Gyori, Z., Nemeskeri, E., Szilagyi, S.
Journal of agricultural and food chemistry 1998 v.46 no.8 pp. 3087-3091
protein composition, legumes, nutritive value, soy protein, legume protein, protein content, amino acids, lipids, trypsin inhibitors, chemical composition, color, drought, irrigation, lipid content
The nutritive quality of different ripening soybeans was compared with that of dry beans and various colored seeds and dry peas with regard to their protein and fat contents, amino acid compositions, and trypsin inhibitor activity. The bean protein of three legumes contained the highest levels of methionine, leucine, phenylalanine, and histidine, of the essential amino acids, respectively. The nutritive quality of soy protein, containing high glutamine contents, and dry pea protein, with its large valine contents, exceeded that of the others.
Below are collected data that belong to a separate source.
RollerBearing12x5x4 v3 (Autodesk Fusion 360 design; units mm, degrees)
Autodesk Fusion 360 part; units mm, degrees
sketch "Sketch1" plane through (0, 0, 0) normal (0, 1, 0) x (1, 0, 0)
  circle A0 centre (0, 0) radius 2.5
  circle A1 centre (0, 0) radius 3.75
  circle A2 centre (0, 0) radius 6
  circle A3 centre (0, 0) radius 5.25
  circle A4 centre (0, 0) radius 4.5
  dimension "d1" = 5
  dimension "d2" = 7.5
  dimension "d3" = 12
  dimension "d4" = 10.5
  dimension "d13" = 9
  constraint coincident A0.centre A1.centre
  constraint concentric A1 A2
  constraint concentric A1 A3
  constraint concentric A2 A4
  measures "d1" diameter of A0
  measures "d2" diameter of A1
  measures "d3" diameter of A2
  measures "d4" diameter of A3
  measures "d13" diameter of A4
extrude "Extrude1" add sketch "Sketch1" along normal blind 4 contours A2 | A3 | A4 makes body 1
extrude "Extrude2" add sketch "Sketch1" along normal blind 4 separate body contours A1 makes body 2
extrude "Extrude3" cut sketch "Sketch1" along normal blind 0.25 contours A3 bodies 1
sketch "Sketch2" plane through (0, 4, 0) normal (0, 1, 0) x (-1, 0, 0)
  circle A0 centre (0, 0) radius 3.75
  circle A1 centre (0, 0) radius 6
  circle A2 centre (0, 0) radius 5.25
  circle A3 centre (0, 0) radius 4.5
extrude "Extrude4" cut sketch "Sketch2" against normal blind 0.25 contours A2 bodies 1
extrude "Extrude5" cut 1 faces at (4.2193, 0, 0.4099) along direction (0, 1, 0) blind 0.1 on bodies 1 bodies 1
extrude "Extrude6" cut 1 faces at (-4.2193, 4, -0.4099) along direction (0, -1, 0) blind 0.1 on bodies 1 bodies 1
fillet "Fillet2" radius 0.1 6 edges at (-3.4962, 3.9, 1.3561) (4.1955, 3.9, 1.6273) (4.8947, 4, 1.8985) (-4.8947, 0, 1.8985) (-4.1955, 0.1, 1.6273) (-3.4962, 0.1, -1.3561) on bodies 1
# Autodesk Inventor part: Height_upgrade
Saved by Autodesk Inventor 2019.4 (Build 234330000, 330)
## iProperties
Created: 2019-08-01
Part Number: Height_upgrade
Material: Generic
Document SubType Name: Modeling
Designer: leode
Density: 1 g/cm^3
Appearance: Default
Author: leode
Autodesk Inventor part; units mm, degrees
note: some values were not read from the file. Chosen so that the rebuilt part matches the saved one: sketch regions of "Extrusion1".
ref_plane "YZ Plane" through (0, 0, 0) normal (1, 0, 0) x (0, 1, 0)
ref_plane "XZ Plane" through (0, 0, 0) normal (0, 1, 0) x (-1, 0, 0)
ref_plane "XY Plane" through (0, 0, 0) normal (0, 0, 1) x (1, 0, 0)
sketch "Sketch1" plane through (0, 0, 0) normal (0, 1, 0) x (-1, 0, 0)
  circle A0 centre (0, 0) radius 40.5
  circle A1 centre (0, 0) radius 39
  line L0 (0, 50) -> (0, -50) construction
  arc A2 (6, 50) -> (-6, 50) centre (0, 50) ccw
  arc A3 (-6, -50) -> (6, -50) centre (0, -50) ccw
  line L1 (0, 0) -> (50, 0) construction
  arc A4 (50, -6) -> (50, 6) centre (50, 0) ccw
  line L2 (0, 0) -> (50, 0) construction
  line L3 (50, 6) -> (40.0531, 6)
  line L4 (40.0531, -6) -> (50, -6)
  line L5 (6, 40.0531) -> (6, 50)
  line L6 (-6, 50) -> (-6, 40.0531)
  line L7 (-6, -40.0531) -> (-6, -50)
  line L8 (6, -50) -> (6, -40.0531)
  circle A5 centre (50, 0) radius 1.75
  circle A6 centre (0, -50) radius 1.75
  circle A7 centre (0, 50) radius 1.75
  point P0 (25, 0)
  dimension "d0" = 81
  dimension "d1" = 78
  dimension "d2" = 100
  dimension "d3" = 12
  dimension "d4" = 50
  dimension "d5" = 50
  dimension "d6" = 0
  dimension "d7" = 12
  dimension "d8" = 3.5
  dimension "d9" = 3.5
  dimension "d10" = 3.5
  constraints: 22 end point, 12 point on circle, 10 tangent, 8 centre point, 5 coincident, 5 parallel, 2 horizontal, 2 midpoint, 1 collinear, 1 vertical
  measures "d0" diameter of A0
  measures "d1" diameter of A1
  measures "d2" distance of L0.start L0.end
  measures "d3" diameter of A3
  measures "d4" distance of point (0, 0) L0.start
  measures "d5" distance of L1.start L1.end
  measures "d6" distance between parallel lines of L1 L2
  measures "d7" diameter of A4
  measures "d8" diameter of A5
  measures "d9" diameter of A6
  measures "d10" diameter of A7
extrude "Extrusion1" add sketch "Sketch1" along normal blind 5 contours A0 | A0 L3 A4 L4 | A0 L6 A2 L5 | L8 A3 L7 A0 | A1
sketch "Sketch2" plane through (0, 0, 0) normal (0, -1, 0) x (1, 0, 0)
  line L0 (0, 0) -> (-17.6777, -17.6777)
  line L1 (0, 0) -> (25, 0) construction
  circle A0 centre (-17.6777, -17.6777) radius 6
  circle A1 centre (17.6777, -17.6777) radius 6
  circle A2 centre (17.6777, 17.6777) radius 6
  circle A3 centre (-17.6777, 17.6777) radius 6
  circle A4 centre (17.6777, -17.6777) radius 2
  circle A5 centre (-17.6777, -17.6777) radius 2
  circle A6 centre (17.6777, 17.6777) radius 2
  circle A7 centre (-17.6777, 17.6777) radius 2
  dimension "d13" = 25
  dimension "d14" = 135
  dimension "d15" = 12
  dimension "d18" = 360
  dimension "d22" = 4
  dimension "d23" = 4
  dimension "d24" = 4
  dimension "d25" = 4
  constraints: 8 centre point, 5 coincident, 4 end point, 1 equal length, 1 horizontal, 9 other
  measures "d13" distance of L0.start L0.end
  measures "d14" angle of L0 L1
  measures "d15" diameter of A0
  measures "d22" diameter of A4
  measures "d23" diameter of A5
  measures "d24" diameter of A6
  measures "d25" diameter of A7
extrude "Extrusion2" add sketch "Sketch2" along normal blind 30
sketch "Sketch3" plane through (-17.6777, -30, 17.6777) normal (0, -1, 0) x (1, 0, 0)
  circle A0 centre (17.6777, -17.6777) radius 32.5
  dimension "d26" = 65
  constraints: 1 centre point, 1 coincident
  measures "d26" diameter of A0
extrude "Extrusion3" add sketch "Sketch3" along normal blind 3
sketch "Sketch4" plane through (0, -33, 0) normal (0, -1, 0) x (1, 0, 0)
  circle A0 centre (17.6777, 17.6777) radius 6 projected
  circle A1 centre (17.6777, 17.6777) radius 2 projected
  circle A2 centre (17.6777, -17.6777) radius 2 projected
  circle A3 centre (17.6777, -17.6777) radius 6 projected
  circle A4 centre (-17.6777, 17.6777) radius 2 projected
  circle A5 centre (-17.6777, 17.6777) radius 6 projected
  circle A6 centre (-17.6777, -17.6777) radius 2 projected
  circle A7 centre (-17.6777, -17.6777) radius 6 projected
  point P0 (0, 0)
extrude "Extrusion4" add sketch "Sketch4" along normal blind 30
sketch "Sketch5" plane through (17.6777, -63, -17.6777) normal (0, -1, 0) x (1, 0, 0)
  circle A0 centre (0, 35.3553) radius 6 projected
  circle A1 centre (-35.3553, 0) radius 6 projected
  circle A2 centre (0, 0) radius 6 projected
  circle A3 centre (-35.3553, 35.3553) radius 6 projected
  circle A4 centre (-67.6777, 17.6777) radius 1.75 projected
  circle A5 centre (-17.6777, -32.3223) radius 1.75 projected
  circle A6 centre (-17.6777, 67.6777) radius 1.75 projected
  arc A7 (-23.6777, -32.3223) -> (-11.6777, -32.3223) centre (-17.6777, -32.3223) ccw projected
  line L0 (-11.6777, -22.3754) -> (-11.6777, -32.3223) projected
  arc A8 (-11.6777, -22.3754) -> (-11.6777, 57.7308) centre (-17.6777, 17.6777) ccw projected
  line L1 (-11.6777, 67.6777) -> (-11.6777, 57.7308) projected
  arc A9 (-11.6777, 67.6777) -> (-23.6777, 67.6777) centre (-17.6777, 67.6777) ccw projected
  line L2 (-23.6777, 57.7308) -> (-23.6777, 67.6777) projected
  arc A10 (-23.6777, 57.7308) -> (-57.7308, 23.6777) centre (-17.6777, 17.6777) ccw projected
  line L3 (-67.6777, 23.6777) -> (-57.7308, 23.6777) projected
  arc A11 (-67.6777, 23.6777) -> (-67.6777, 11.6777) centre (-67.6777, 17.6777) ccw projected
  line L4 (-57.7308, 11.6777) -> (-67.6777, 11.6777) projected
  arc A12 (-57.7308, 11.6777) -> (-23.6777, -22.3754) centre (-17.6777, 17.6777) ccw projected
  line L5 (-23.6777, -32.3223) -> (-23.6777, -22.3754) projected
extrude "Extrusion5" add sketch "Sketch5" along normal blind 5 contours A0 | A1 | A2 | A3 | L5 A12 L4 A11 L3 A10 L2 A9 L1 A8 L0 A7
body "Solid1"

Under nonirrigated growing conditions, there were high levels of leucine, valine, glycine, and proline in beans, independent of seed color. The beans with colored seed contained larger concentrations of methionine, cysteine, phenylalanine, and leucine essential amino acids than white bean. The lysine content of white bean protein was as high as that of the pea. The nutritive quality of white bean seeds could be increased with selection for low level of trypsin inhibitors under nonirrigated growing conditions. In water-deficient conditions, the level of valine and proline amino acids increased in soy seed protein, independent of the maturity groups. Irrigation has no effect on the increase, either in protein content or in essential amino acids, in soybeans and, indeed, there were no differences in the above-mentioned among the maturity groups.